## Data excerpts
###
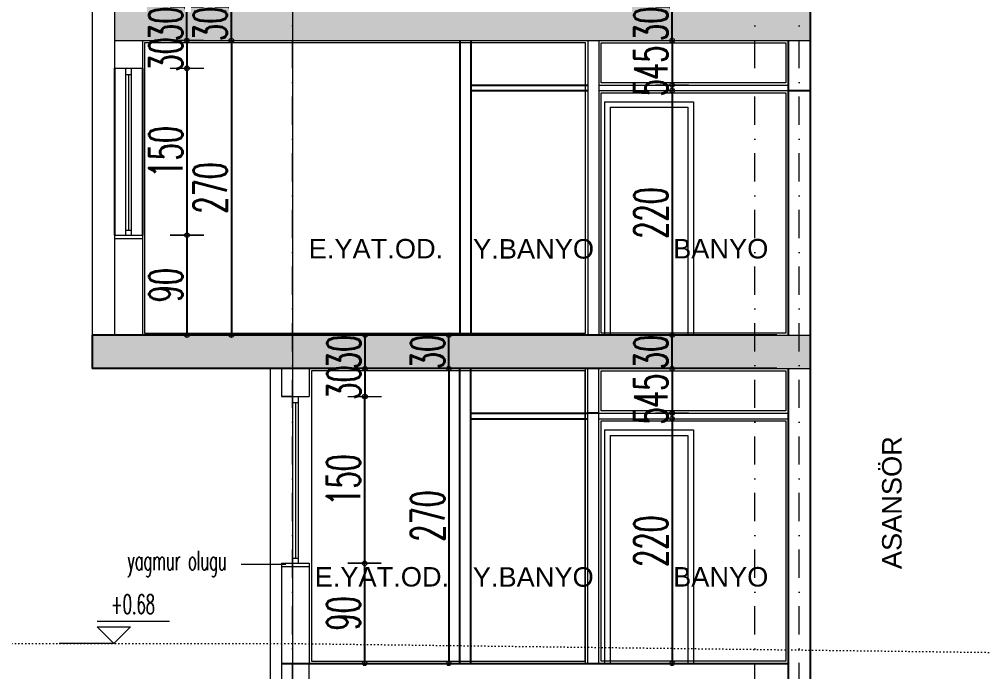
# Model space of a CAD drawing. Header units: millimetres. Extents: x -16104 to 67872, y -88009 to 12107.
# Drawn here: x 43361 to 44227, y 9354 to 9940 of the extents above; entities that cross this region are included whole.
import ezdxf

# ---------------------------------------------------------------- set-up
doc = ezdxf.new("R2010")
doc.units = ezdxf.units.MM
doc.linetypes.add('ACAD_ISO07W100', pattern=[3, 0, -3])
doc.linetypes.add('DASHDOTX2', pattern=[50.8, 25.4, -12.7, 0, -12.7])
doc.layers.get('0').update_dxf_attribs({"color": 241})
doc.layers.add('KOTLAR', color=5, linetype='Continuous', lineweight=20)
doc.layers.add('TARAMA', color=8, linetype='Continuous', lineweight=15)
doc.styles.add('DIM', font='Txttw.shx', dxfattribs={"width": 0.6})
doc.styles.add('OLCU', font='simplex.shx', dxfattribs={"width": 0.6, "height": 1400})
doc.dimstyles.new('50', dxfattribs={"dimscale": 0, "dimtxt": 30, "dimasz": 1, "dimexe": 0, "dimexo": 2, "dimgap": 4, "dimtad": 1, "dimdec": 0, "dimzin": 0, "dimdsep": 46, "dimtxsty": 'DIM', "dimblk1": 'DOT', "dimblk2": 'DOT', "dimsah": 1, "dimcen": 1.5, "dimdle": 3, "dimse1": 1, "dimse2": 1, "dimclrd": 256, "dimclre": 9, "dimclrt": 256, "dimadec": 0, "dimazin": 0, "dimtfac": 0.24, "dimtdec": 0, "dimtix": 1, "dimtmove": 2, "dimatfit": 3, "dimldrblk": 'DOT', "dimfxl": 0, "dimtolj": 1, "dimtzin": 15, "dimarcsym": 0})
pattern_1 = [(45, (0, 0), (-4.4901281, 4.4901281), []), (45, (4.49, 0), (-4.4901281, 4.4901281), [7.9375, -1.5875, 0, -1.5875])]

# ---------------------------------------------------------------- blocks, each defined once
blk = doc.blocks.new('DOT')
for p, q in [((0, 15), (0, -15)), ((-2, 0), (0, 0)), ((2, 0), (0, 0))]:
    blk.add_line(p, q)
blk.add_circle((0, 0), 2)
blk = doc.blocks.new('*D900')
at = {"layer": 'Defpoints', "color": 0, "transparency": 16777216}
for p in [(43511.45, 9951.09), (43511.45, 9951.09), (43511.45, 9921.09)]:
    blk.add_point(p, dxfattribs=at)
at = {"layer": 'TARAMA', "lineweight": -2, "transparency": 16777216}
for p, q in [((43511.45, 9952.09), (43511.45, 9953.09)), ((43511.45, 9921.09), (43511.45, 9951.09)), ((43511.45, 9920.09), (43511.45, 9919.09))]:
    blk.add_line(p, q, dxfattribs=at)
for p, rotation in [((43511.45, 9951.09), 270), ((43511.45, 9921.09), 90)]:
    blk.add_blockref('DOT', p, dxfattribs=dict(at, rotation=rotation))
at = {"layer": 'TARAMA', "transparency": 16777216, "insert": (43492.45, 9936.09), "char_height": 30, "attachment_point": 5, "rotation": 90, "style": 'DIM'}
blk.add_mtext('\\A1;30', dxfattribs=at)
blk = doc.blocks.new('*D377')
at = {"layer": 'Defpoints', "color": 0, "transparency": 16777216}
for p in [(43471.45, 9896.09), (43471.45, 9746.09), (43511.56, 9746.09)]:
    blk.add_point(p, dxfattribs=at)
at = {"layer": 'TARAMA', "lineweight": -2, "transparency": 16777216}
blk.add_line((43511.56, 9895.09), (43511.56, 9747.09), dxfattribs=at)
for p, rotation in [((43511.56, 9896.09), 90), ((43511.56, 9746.09), 270)]:
    blk.add_blockref('DOT', p, dxfattribs=dict(at, rotation=rotation))
at = {"layer": 'TARAMA', "transparency": 16777216, "insert": (43492.56, 9821.09), "char_height": 30, "attachment_point": 5, "rotation": 90, "style": 'DIM'}
blk.add_mtext('\\A1;150', dxfattribs=at)
blk = doc.blocks.new('*D901')
at = {"layer": 'Defpoints', "color": 0, "transparency": 16777216}
for p in [(43511.45, 9921.09), (43511.45, 9896.09), (43511.56, 9896.09)]:
    blk.add_point(p, dxfattribs=at)
at = {"layer": 'TARAMA', "lineweight": -2, "transparency": 16777216}
for p, q in [((43511.45, 9922.09), (43511.45, 9923.09)), ((43511.45, 9921.09), (43511.45, 9896.09)), ((43511.45, 9895.09), (43511.45, 9894.09))]:
    blk.add_line(p, q, dxfattribs=at)
for p, rotation in [((43511.45, 9921.09), 270), ((43511.45, 9896.09), 90)]:
    blk.add_blockref('DOT', p, dxfattribs=dict(at, rotation=rotation))
at = {"layer": 'TARAMA', "transparency": 16777216, "insert": (43492.45, 9908.59), "char_height": 30, "attachment_point": 5, "rotation": 90, "style": 'DIM'}
blk.add_mtext('\\A1;30', dxfattribs=at)
blk = doc.blocks.new('*D378')
at = {"layer": 'Defpoints', "color": 0, "transparency": 16777216}
for p in [(43511.56, 9746.09), (43511.56, 9656.09), (43511.56, 9656.09)]:
    blk.add_point(p, dxfattribs=at)
at = {"layer": 'TARAMA', "lineweight": -2, "transparency": 16777216}
blk.add_line((43511.56, 9745.09), (43511.56, 9657.09), dxfattribs=at)
for p, rotation in [((43511.56, 9746.09), 90), ((43511.56, 9656.09), 270)]:
    blk.add_blockref('DOT', p, dxfattribs=dict(at, rotation=rotation))
at = {"layer": 'TARAMA', "transparency": 16777216, "insert": (43492.56, 9701.09), "char_height": 30, "attachment_point": 5, "rotation": 90, "style": 'DIM'}
blk.add_mtext('\\A1;90', dxfattribs=at)
blk = doc.blocks.new('*D902')
at = {"layer": 'Defpoints', "color": 0, "transparency": 16777216}
for p in [(43881.76, 9951.09), (43947.54, 9951.09), (43881.76, 9921.09)]:
    blk.add_point(p, dxfattribs=at)
at = {"layer": 'TARAMA', "lineweight": -2, "transparency": 16777216}
for p, q in [((43947.54, 9952.09), (43947.54, 9953.09)), ((43947.54, 9921.09), (43947.54, 9951.09)), ((43947.54, 9920.09), (43947.54, 9919.09))]:
    blk.add_line(p, q, dxfattribs=at)
for p, rotation in [((43947.54, 9951.09), 270), ((43947.54, 9921.09), 90)]:
    blk.add_blockref('DOT', p, dxfattribs=dict(at, rotation=rotation))
at = {"layer": 'TARAMA', "transparency": 16777216, "insert": (43928.54, 9936.09), "char_height": 30, "attachment_point": 5, "rotation": 90, "style": 'DIM'}
blk.add_mtext('\\A1;30', dxfattribs=at)
blk = doc.blocks.new('*D379')
at = {"layer": 'Defpoints', "color": 0, "transparency": 16777216}
for p in [(43947.54, 9921.09), (43947.54, 9881.09), (43947.54, 9881.09)]:
    blk.add_point(p, dxfattribs=at)
at = {"layer": 'TARAMA', "lineweight": -2, "transparency": 16777216}
blk.add_line((43947.54, 9920.09), (43947.54, 9882.09), dxfattribs=at)
for p, rotation in [((43947.54, 9921.09), 90), ((43947.54, 9881.09), 270)]:
    blk.add_blockref('DOT', p, dxfattribs=dict(at, rotation=rotation))
at = {"layer": 'TARAMA', "transparency": 16777216, "insert": (43928.54, 9901.09), "char_height": 30, "attachment_point": 5, "rotation": 90, "style": 'DIM'}
blk.add_mtext('\\A1;45', dxfattribs=at)
blk = doc.blocks.new('*D380')
at = {"layer": 'Defpoints', "color": 0, "transparency": 16777216}
for p in [(43947.54, 9881.09), (43947.54, 9876.09), (43947.54, 9876.09)]:
    blk.add_point(p, dxfattribs=at)
at = {"layer": 'TARAMA', "lineweight": -2, "transparency": 16777216}
for p, q in [((43947.54, 9882.09), (43947.54, 9883.09)), ((43947.54, 9881.09), (43947.54, 9876.09)), ((43947.54, 9875.09), (43947.54, 9874.09))]:
    blk.add_line(p, q, dxfattribs=at)
for p, rotation in [((43947.54, 9881.09), 270), ((43947.54, 9876.09), 90)]:
    blk.add_blockref('DOT', p, dxfattribs=dict(at, rotation=rotation))
at = {"layer": 'TARAMA', "transparency": 16777216, "insert": (43928.54, 9878.59), "char_height": 30, "attachment_point": 5, "rotation": 90, "style": 'DIM'}
blk.add_mtext('\\A1;5', dxfattribs=at)
blk = doc.blocks.new('*D381')
at = {"layer": 'Defpoints', "color": 0, "transparency": 16777216}
for p in [(43947.54, 9876.09), (43947.54, 9656.09), (43947.54, 9656.09)]:
    blk.add_point(p, dxfattribs=at)
at = {"layer": 'TARAMA', "lineweight": -2, "transparency": 16777216}
blk.add_line((43947.54, 9875.09), (43947.54, 9657.09), dxfattribs=at)
for p, rotation in [((43947.54, 9876.09), 90), ((43947.54, 9656.09), 270)]:
    blk.add_blockref('DOT', p, dxfattribs=dict(at, rotation=rotation))
at = {"layer": 'TARAMA', "transparency": 16777216, "insert": (43928.54, 9766.09), "char_height": 30, "attachment_point": 5, "rotation": 90, "style": 'DIM'}
blk.add_mtext('\\A1;220', dxfattribs=at)
blk = doc.blocks.new('*D903')
at = {"layer": 'Defpoints', "color": 0, "transparency": 16777216}
for p in [(43621.45, 9656.09), (43671.61, 9656.09), (43621.45, 9626.09)]:
    blk.add_point(p, dxfattribs=at)
at = {"layer": 'TARAMA', "lineweight": -2, "transparency": 16777216}
for p, q in [((43671.61, 9657.09), (43671.61, 9658.09)), ((43671.61, 9626.09), (43671.61, 9656.09)), ((43671.61, 9625.09), (43671.61, 9624.09))]:
    blk.add_line(p, q, dxfattribs=at)
for p, rotation in [((43671.61, 9656.09), 270), ((43671.61, 9626.09), 90)]:
    blk.add_blockref('DOT', p, dxfattribs=dict(at, rotation=rotation))
at = {"layer": 'TARAMA', "transparency": 16777216, "insert": (43652.61, 9641.09), "char_height": 30, "attachment_point": 5, "rotation": 90, "style": 'DIM'}
blk.add_mtext('\\A1;30', dxfattribs=at)
blk = doc.blocks.new('*D904')
at = {"layer": 'Defpoints', "color": 0, "transparency": 16777216}
for p in [(43621.45, 9626.09), (43621.45, 9601.09), (43671.51, 9601.09)]:
    blk.add_point(p, dxfattribs=at)
at = {"layer": 'TARAMA', "lineweight": -2, "transparency": 16777216}
for p, q in [((43671.51, 9627.09), (43671.51, 9628.09)), ((43671.51, 9626.09), (43671.51, 9601.09)), ((43671.51, 9600.09), (43671.51, 9599.09))]:
    blk.add_line(p, q, dxfattribs=at)
for p, rotation in [((43671.51, 9626.09), 270), ((43671.51, 9601.09), 90)]:
    blk.add_blockref('DOT', p, dxfattribs=dict(at, rotation=rotation))
at = {"layer": 'TARAMA', "transparency": 16777216, "insert": (43652.51, 9613.59), "char_height": 30, "attachment_point": 5, "rotation": 90, "style": 'DIM'}
blk.add_mtext('\\A1;30', dxfattribs=at)
blk = doc.blocks.new('*D905')
at = {"layer": 'Defpoints', "color": 0, "transparency": 16777216}
for p in [(43621.45, 9601.09), (43621.45, 9451.09), (43671.22, 9451.09)]:
    blk.add_point(p, dxfattribs=at)
at = {"layer": 'TARAMA', "lineweight": -2, "transparency": 16777216}
blk.add_line((43671.22, 9600.09), (43671.22, 9452.09), dxfattribs=at)
for p, rotation in [((43671.22, 9601.09), 90), ((43671.22, 9451.09), 270)]:
    blk.add_blockref('DOT', p, dxfattribs=dict(at, rotation=rotation))
at = {"layer": 'TARAMA', "transparency": 16777216, "insert": (43652.22, 9526.09), "char_height": 30, "attachment_point": 5, "rotation": 90, "style": 'DIM'}
blk.add_mtext('\\A1;150', dxfattribs=at)
blk = doc.blocks.new('*D391')
at = {"layer": 'Defpoints', "color": 0, "transparency": 16777216}
for p in [(43669.22, 9451.09), (43669.22, 9361.09), (43671.22, 9361.09)]:
    blk.add_point(p, dxfattribs=at)
at = {"layer": 'TARAMA', "lineweight": -2, "transparency": 16777216}
blk.add_line((43671.22, 9450.09), (43671.22, 9362.09), dxfattribs=at)
for p, rotation in [((43671.22, 9451.09), 90), ((43671.22, 9361.09), 270)]:
    blk.add_blockref('DOT', p, dxfattribs=dict(at, rotation=rotation))
at = {"layer": 'TARAMA', "transparency": 16777216, "insert": (43652.22, 9406.09), "char_height": 30, "attachment_point": 5, "rotation": 90, "style": 'DIM'}
blk.add_mtext('\\A1;90', dxfattribs=at)
blk = doc.blocks.new('*D416')
at = {"layer": 'Defpoints', "color": 0, "transparency": 16777216}
for p in [(43551.45, 9921.09), (43551.45, 9656.09), (43551.45, 9656.09)]:
    blk.add_point(p, dxfattribs=at)
at = {"layer": 'TARAMA', "lineweight": -2, "transparency": 16777216}
blk.add_line((43551.45, 9920.09), (43551.45, 9657.09), dxfattribs=at)
for p, rotation in [((43551.45, 9921.09), 90), ((43551.45, 9656.09), 270)]:
    blk.add_blockref('DOT', p, dxfattribs=dict(at, rotation=rotation))
at = {"layer": 'TARAMA', "transparency": 16777216, "insert": (43532.45, 9788.59), "char_height": 30, "attachment_point": 5, "rotation": 90, "style": 'DIM'}
blk.add_mtext('\\A1;270', dxfattribs=at)
blk = doc.blocks.new('*D912')
at = {"layer": 'Defpoints', "color": 0, "transparency": 16777216}
for p in [(43551.45, 9951.09), (43551.45, 9951.09), (43551.45, 9921.09)]:
    blk.add_point(p, dxfattribs=at)
at = {"layer": 'TARAMA', "lineweight": -2, "transparency": 16777216}
for p, q in [((43551.45, 9952.09), (43551.45, 9953.09)), ((43551.45, 9921.09), (43551.45, 9951.09)), ((43551.45, 9920.09), (43551.45, 9919.09))]:
    blk.add_line(p, q, dxfattribs=at)
for p, rotation in [((43551.45, 9951.09), 270), ((43551.45, 9921.09), 90)]:
    blk.add_blockref('DOT', p, dxfattribs=dict(at, rotation=rotation))
at = {"layer": 'TARAMA', "transparency": 16777216, "insert": (43532.45, 9936.09), "char_height": 30, "attachment_point": 5, "rotation": 90, "style": 'DIM'}
blk.add_mtext('\\A1;30', dxfattribs=at)
blk = doc.blocks.new('*D419')
at = {"layer": 'Defpoints', "color": 0, "transparency": 16777216}
for p in [(43746.85, 9656.13), (43746.85, 9656.13), (43746.85, 9626.13)]:
    blk.add_point(p, dxfattribs=at)
at = {"layer": 'TARAMA', "lineweight": -2, "transparency": 16777216}
for p, q in [((43746.85, 9657.13), (43746.85, 9658.13)), ((43746.85, 9626.13), (43746.85, 9656.13)), ((43746.85, 9625.13), (43746.85, 9624.13))]:
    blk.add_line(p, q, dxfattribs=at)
###
Write out the lines of the entries above exactly, beginning with the first and ending with the line that contains "import ezdxf". No picture goes in.

# Model space of a CAD drawing. Header units: millimetres. Extents: x -16104 to 67872, y -88009 to 12107.
# Drawn here: x 43361 to 44227, y 9354 to 9940 of the extents above; entities that cross this region are included whole.
import ezdxf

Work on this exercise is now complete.